Relax - there will NO physics expected in the course: no homeworks, nor exams.
That said, we will describe bits and pieces of relevant
physics for the curious.
The physics is itself interesting on its own, and forms useful background
for those who want to go further in quantum computing.
Very little of these bits need anything more than elementary
notions:
- At some point in every physics explanation, one passes from
principles in physics to mathematics.
- Often this happens very quickly so, really, it's more math than
physics at that point.
The highlight of physics we want to most emphasize is its
vectorial nature.
Let's explain in steps:
The concept of a force:
- Observation shows that accelerated motion is caused by something.
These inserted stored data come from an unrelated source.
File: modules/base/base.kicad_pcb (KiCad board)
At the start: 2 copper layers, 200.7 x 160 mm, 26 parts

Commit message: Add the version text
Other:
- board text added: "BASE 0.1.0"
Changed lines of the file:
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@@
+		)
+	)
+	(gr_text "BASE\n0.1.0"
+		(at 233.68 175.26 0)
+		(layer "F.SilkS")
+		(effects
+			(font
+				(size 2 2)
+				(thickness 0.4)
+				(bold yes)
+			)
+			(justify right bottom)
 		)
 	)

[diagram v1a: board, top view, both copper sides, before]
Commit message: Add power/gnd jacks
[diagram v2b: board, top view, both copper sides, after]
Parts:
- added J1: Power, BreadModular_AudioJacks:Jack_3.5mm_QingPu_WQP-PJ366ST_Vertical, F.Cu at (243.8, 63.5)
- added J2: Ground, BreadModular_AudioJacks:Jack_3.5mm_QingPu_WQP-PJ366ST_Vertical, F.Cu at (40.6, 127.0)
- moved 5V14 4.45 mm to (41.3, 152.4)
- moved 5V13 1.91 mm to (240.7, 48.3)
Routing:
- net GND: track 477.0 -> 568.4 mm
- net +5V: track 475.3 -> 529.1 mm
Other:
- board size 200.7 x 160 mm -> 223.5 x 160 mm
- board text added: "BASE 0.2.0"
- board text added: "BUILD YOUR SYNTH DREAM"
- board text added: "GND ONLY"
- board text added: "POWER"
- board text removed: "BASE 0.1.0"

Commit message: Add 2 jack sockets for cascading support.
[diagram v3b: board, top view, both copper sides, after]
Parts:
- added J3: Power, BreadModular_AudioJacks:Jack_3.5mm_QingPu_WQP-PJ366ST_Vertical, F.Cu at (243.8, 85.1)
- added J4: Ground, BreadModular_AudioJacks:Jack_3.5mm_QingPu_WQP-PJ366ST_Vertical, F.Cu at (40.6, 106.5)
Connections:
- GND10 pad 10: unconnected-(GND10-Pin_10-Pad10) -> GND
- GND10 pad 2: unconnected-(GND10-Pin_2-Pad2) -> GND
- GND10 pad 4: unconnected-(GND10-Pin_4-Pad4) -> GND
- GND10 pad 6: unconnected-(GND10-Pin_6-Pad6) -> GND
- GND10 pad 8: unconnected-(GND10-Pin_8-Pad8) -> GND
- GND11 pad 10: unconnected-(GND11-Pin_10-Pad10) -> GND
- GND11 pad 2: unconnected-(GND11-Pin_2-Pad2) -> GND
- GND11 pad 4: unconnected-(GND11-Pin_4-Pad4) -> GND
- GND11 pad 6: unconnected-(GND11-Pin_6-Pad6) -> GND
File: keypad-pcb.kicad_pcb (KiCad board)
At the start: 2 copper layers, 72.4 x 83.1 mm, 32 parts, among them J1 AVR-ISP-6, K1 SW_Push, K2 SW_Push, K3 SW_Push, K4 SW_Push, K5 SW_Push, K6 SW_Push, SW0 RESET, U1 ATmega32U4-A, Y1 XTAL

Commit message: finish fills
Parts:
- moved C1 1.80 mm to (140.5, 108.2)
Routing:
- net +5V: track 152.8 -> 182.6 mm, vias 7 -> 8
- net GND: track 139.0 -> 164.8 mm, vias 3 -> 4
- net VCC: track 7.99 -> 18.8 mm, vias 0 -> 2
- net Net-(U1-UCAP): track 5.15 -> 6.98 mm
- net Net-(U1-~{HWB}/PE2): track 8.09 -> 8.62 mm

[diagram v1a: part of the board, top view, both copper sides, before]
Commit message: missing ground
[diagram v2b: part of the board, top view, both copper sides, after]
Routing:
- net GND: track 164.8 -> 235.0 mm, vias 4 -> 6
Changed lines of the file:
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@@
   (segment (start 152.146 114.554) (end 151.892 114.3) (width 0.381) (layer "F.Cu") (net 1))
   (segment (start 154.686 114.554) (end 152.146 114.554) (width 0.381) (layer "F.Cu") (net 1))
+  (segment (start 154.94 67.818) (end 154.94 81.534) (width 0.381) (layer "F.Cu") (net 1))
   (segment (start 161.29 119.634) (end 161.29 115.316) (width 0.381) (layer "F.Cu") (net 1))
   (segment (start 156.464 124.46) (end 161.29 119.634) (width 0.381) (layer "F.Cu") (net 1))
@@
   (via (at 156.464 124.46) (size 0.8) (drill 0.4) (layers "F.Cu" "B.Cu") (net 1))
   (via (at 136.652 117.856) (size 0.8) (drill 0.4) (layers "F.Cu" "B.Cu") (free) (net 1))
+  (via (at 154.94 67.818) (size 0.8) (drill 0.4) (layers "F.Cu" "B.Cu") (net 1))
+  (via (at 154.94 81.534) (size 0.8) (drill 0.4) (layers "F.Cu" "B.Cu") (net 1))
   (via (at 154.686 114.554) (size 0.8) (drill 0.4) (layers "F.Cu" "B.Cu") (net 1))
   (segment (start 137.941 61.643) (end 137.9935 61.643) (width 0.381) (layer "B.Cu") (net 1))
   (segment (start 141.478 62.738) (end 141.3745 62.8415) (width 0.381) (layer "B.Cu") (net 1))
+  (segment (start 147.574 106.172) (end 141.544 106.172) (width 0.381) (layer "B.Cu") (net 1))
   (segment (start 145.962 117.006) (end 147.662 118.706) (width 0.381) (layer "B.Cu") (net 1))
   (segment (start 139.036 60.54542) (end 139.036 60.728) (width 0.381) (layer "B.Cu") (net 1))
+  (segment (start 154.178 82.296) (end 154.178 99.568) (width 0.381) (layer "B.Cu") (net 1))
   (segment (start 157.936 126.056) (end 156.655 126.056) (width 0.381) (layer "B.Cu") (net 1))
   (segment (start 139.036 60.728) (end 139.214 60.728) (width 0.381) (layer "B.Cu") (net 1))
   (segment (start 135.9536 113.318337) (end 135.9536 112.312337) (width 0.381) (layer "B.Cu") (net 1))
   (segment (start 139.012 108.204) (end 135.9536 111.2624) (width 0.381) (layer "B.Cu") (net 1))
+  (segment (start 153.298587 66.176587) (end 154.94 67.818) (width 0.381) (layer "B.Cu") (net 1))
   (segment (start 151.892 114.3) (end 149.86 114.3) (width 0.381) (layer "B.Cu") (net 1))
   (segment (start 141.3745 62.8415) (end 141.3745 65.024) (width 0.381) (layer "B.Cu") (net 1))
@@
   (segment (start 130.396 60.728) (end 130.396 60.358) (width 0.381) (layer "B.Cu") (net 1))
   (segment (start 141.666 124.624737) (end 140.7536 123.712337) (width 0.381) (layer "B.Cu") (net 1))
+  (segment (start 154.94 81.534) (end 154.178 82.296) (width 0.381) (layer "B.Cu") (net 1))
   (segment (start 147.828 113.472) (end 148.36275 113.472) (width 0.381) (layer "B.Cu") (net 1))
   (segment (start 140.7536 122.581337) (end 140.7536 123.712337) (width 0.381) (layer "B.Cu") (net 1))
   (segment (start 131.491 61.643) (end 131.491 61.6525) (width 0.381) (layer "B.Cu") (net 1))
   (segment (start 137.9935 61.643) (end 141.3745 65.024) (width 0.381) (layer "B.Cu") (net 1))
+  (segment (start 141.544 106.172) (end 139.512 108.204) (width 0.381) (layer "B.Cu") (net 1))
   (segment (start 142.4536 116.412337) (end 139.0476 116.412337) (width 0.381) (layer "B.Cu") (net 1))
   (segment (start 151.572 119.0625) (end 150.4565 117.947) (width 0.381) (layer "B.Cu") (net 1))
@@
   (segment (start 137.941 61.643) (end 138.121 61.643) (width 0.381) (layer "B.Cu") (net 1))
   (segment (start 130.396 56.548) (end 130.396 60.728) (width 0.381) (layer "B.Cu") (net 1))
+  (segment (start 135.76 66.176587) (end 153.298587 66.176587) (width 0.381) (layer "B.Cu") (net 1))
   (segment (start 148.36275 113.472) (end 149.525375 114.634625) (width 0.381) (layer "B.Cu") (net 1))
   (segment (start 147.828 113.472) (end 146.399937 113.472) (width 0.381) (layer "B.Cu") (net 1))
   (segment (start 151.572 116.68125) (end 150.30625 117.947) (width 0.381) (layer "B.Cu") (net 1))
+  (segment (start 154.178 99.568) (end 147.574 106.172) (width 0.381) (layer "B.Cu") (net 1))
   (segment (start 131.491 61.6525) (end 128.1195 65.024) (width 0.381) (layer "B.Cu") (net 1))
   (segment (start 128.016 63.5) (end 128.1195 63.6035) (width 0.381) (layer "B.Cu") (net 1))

- The term force was invented to account for the something.
- Along with that, a dependence on the size and density of the
object in motion (which boils down to mass, another concept).
- Thus came Newton's \(F=ma\) law: an object of mass \(m\)
that experiences instantaneous force \(F\) undergoes instantaneous
acceleration \(a\).
- Because the right side is a vector, so is the left side. So,
we should really write this as: \({\bf F} = m \; {\bf a}\)
- This means forces can be vectorialized too, allowing for
all kinds of simplification in problem-solving.
- For example, suppose our block was being pulled up the
incline by a rope:
- The force exerted by the rope can be projected into its
x and y components as shown.
- Gravity exerts a force, as shown in blue.
- The overall "upward" force is the difference in the two
vertical forces.
Other highlights:
- Because mass and velocity often occur as a product, it's
convenient to give this a name: \(m{\bf v} \eql\) momentum.
- The symbol \({\bf p}\) is often used.
- Then one writes \({\bf F}=m{\bf a}\) as \({\bf F} =
\frac{d{\bf p}}{dt}\).
- When an object moves along a curve, some force must prevent
the natural tendency to move in a straightline.
- In this case, the position vector \({\bf r}(t)\) traces out a curve
over time.
- The instantaneous force must relate, somehow, to both
the instantaneous position \({\bf r}(t)\) and
the instantaneous momentum \({\bf p}(t)\).
- Combining these two produces something called
angular momentum.
- Think of angular momentum as a convenient way to describe
motion along arbitrary curves.
- Another useful concept is energy:
- Suppose we have a situation where force is changing, for
example, the more you extend a spring, the more the force that
wants to pull it back.
- In this case, force changes with distance: let's say
\({\bf F}(x)\) along the x direction.
- Then, there is some function \(V(x)\) such that
\(-V^\prime(x) = F(x)\).
- This is given the name potential energy.
- By working through the terms in motion, it turns out that
to keep overall energy constant, a changing potential
energy must result in a change of some other kind of energy.
- That other kind is called kinetic energy,
written as \(\frac{1}{2} m{\bf v}^2\) in terms of velocity
or \(\frac{{\bf p}^2}{2m}\) in terms of momentum.